Stored items:
-- -- --

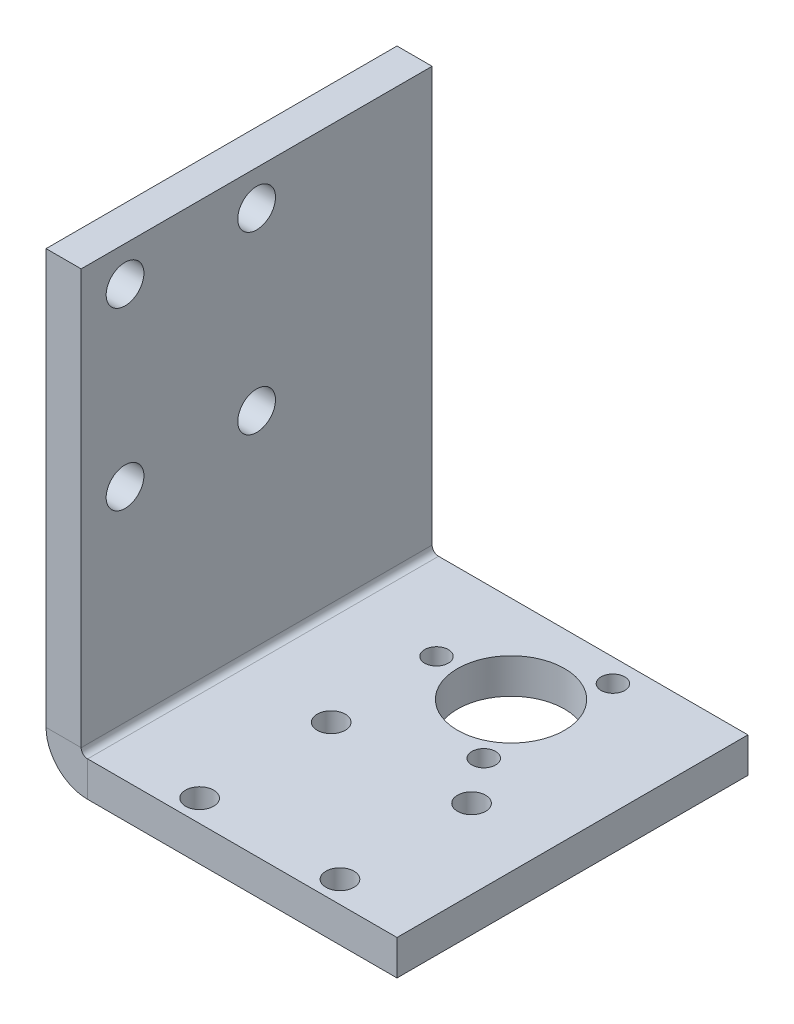
ISO-10303-21;
HEADER;
FILE_DESCRIPTION(('STEP AP214'),'2;1');
FILE_NAME('part.step','',(''),(''),'','','');
FILE_SCHEMA(('AUTOMOTIVE_DESIGN { 1 0 10303 214 1 1 1 1 }'));
ENDSEC;
DATA;
#1=APPLICATION_CONTEXT('core data for automotive mechanical design processes');
#2=APPLICATION_PROTOCOL_DEFINITION('international standard','automotive_design',2000,#1);
#3=PRODUCT_CONTEXT('',#1,'mechanical');
#4=PRODUCT('Part','Part','',(#3));
#5=PRODUCT_RELATED_PRODUCT_CATEGORY('part','',(#4));
#6=PRODUCT_DEFINITION_FORMATION('','',#4);
#7=PRODUCT_DEFINITION_CONTEXT('part definition',#1,'design');
#8=PRODUCT_DEFINITION('design','',#6,#7);
#9=PRODUCT_DEFINITION_SHAPE('','',#8);
#10=(LENGTH_UNIT() NAMED_UNIT(*) SI_UNIT(.MILLI.,.METRE.));
#11=(NAMED_UNIT(*) PLANE_ANGLE_UNIT() SI_UNIT($,.RADIAN.));
#12=(NAMED_UNIT(*) SI_UNIT($,.STERADIAN.) SOLID_ANGLE_UNIT());
#13=UNCERTAINTY_MEASURE_WITH_UNIT(LENGTH_MEASURE(1.E-05),#10,'distance_accuracy_value','');
#14=(GEOMETRIC_REPRESENTATION_CONTEXT(3) GLOBAL_UNCERTAINTY_ASSIGNED_CONTEXT((#13)) GLOBAL_UNIT_ASSIGNED_CONTEXT((#10,
#11,#12)) REPRESENTATION_CONTEXT('',''));
#15=CARTESIAN_POINT('',(0.,0.,0.));
#16=DIRECTION('',(0.,0.,1.));
#17=DIRECTION('',(1.,0.,0.));
#18=AXIS2_PLACEMENT_3D('',#15,#16,#17);
#19=CARTESIAN_POINT('',(0.7366,0.,20.));
#20=DIRECTION('',(0.,0.,1.));
#21=DIRECTION('',(1.,0.,0.));
#22=AXIS2_PLACEMENT_3D('',#19,#20,#21);
#23=PLANE('',#22);
#24=DIRECTION('',(0.,-1.,0.));
#25=VECTOR('',#24,1.);
#26=CARTESIAN_POINT('',(0.7366,0.,20.));
#27=LINE('',#26,#25);
#28=CARTESIAN_POINT('',(0.7366,0.,20.));
#29=VERTEX_POINT('',#28);
#30=CARTESIAN_POINT('',(0.7366,-4.,20.));
#31=VERTEX_POINT('',#30);
#32=EDGE_CURVE('E11',#29,#31,#27,.T.);
#33=ORIENTED_EDGE('',*,*,#32,.F.);
#34=CARTESIAN_POINT('',(0.7366,0.7366,20.));
#35=DIRECTION('',(0.,0.,-1.));
#36=DIRECTION('',(-1.,0.,0.));
#37=AXIS2_PLACEMENT_3D('',#34,#35,#36);
#38=CIRCLE('',#37,0.7366);
#39=CARTESIAN_POINT('',(0.,0.7366,20.));
#40=VERTEX_POINT('',#39);
#41=EDGE_CURVE('E138',#40,#29,#38,.F.);
#42=ORIENTED_EDGE('',*,*,#41,.F.);
#43=DIRECTION('',(1.,0.,0.));
#44=VECTOR('',#43,1.);
#45=CARTESIAN_POINT('',(-4.,0.736600000000001,20.));
#46=LINE('',#45,#44);
#47=CARTESIAN_POINT('',(-4.,0.736600000000001,20.));
#48=VERTEX_POINT('',#47);
#49=EDGE_CURVE('E48',#48,#40,#46,.T.);
#50=ORIENTED_EDGE('',*,*,#49,.F.);
#51=CARTESIAN_POINT('',(0.7366,0.7366,20.));
#52=DIRECTION('',(0.,0.,1.));
#53=DIRECTION('',(1.,0.,0.));
#54=AXIS2_PLACEMENT_3D('',#51,#52,#53);
#55=CIRCLE('',#54,4.7366);
#56=EDGE_CURVE('E131',#48,#31,#55,.T.);
#57=ORIENTED_EDGE('',*,*,#56,.T.);
#58=EDGE_LOOP('',(#33,#42,#50,#57));
#59=FACE_BOUND('',#58,.T.);
#60=ADVANCED_FACE('F39',(#59),#23,.T.);
#61=CARTESIAN_POINT('',(-4.,0.736600000000001,20.));
#62=DIRECTION('',(0.,0.,1.));
#63=DIRECTION('',(1.,0.,0.));
#64=AXIS2_PLACEMENT_3D('',#61,#62,#63);
#65=PLANE('',#64);
#66=DIRECTION('',(1.,0.,0.));
#67=VECTOR('',#66,1.);
#68=CARTESIAN_POINT('',(0.,0.,20.));
#69=LINE('',#68,#67);
#70=CARTESIAN_POINT('',(36.,0.,20.));
#71=VERTEX_POINT('',#70);
#72=EDGE_CURVE('E221',#29,#71,#69,.T.);
#73=ORIENTED_EDGE('',*,*,#72,.F.);
#74=ORIENTED_EDGE('',*,*,#32,.T.);
#75=DIRECTION('',(1.,0.,0.));
#76=VECTOR('',#75,1.);
#77=CARTESIAN_POINT('',(0.,-4.,20.));
#78=LINE('',#77,#76);
#79=CARTESIAN_POINT('',(36.,-4.,20.));
#80=VERTEX_POINT('',#79);
#81=EDGE_CURVE('E97',#31,#80,#78,.T.);
#82=ORIENTED_EDGE('',*,*,#81,.T.);
#83=DIRECTION('',(0.,-1.,0.));
#84=VECTOR('',#83,1.);
#85=CARTESIAN_POINT('',(36.,0.,20.));
#86=LINE('',#85,#84);
#87=EDGE_CURVE('E218',#71,#80,#86,.T.);
#88=ORIENTED_EDGE('',*,*,#87,.F.);
#89=EDGE_LOOP('',(#73,#74,#82,#88));
#90=FACE_BOUND('',#89,.T.);
#91=ADVANCED_FACE('F241',(#90),#65,.T.);
#92=CARTESIAN_POINT('',(0.,0.7366,-20.));
#93=DIRECTION('',(0.,0.,-1.));
#94=DIRECTION('',(-1.,0.,0.));
#95=AXIS2_PLACEMENT_3D('',#92,#93,#94);
#96=PLANE('',#95);
#97=DIRECTION('',(-1.,0.,0.));
#98=VECTOR('',#97,1.);
#99=CARTESIAN_POINT('',(0.,0.7366,-20.));
#100=LINE('',#99,#98);
#101=CARTESIAN_POINT('',(0.,0.7366,-20.));
#102=VERTEX_POINT('',#101);
#103=CARTESIAN_POINT('',(-4.,0.736600000000001,-20.));
#104=VERTEX_POINT('',#103);
#105=EDGE_CURVE('E84',#102,#104,#100,.T.);
#106=ORIENTED_EDGE('',*,*,#105,.F.);
#107=CARTESIAN_POINT('',(0.7366,0.7366,-20.));
#108=DIRECTION('',(0.,0.,-1.));
#109=DIRECTION('',(-1.,0.,0.));
#110=AXIS2_PLACEMENT_3D('',#107,#108,#109);
#111=CIRCLE('',#110,0.7366);
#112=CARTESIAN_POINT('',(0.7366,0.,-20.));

-- -- --

Exercise description: Starting with the first line of the records above and stopping after the line containing "#28=CARTESIAN_POINT('',(0.7366,0.,20.));", repeat every line exactly and leave out the pictures.

Solved exercise:
ISO-10303-21;
HEADER;
FILE_DESCRIPTION(('STEP AP214'),'2;1');
FILE_NAME('part.step','',(''),(''),'','','');
FILE_SCHEMA(('AUTOMOTIVE_DESIGN { 1 0 10303 214 1 1 1 1 }'));
ENDSEC;
DATA;
#1=APPLICATION_CONTEXT('core data for automotive mechanical design processes');
#2=APPLICATION_PROTOCOL_DEFINITION('international standard','automotive_design',2000,#1);
#3=PRODUCT_CONTEXT('',#1,'mechanical');
#4=PRODUCT('Part','Part','',(#3));
#5=PRODUCT_RELATED_PRODUCT_CATEGORY('part','',(#4));
#6=PRODUCT_DEFINITION_FORMATION('','',#4);
#7=PRODUCT_DEFINITION_CONTEXT('part definition',#1,'design');
#8=PRODUCT_DEFINITION('design','',#6,#7);
#9=PRODUCT_DEFINITION_SHAPE('','',#8);
#10=(LENGTH_UNIT() NAMED_UNIT(*) SI_UNIT(.MILLI.,.METRE.));
#11=(NAMED_UNIT(*) PLANE_ANGLE_UNIT() SI_UNIT($,.RADIAN.));
#12=(NAMED_UNIT(*) SI_UNIT($,.STERADIAN.) SOLID_ANGLE_UNIT());
#13=UNCERTAINTY_MEASURE_WITH_UNIT(LENGTH_MEASURE(1.E-05),#10,'distance_accuracy_value','');
#14=(GEOMETRIC_REPRESENTATION_CONTEXT(3) GLOBAL_UNCERTAINTY_ASSIGNED_CONTEXT((#13)) GLOBAL_UNIT_ASSIGNED_CONTEXT((#10,
#11,#12)) REPRESENTATION_CONTEXT('',''));
#15=CARTESIAN_POINT('',(0.,0.,0.));
#16=DIRECTION('',(0.,0.,1.));
#17=DIRECTION('',(1.,0.,0.));
#18=AXIS2_PLACEMENT_3D('',#15,#16,#17);
#19=CARTESIAN_POINT('',(0.7366,0.,20.));
#20=DIRECTION('',(0.,0.,1.));
#21=DIRECTION('',(1.,0.,0.));
#22=AXIS2_PLACEMENT_3D('',#19,#20,#21);
#23=PLANE('',#22);
#24=DIRECTION('',(0.,-1.,0.));
#25=VECTOR('',#24,1.);
#26=CARTESIAN_POINT('',(0.7366,0.,20.));
#27=LINE('',#26,#25);
#28=CARTESIAN_POINT('',(0.7366,0.,20.));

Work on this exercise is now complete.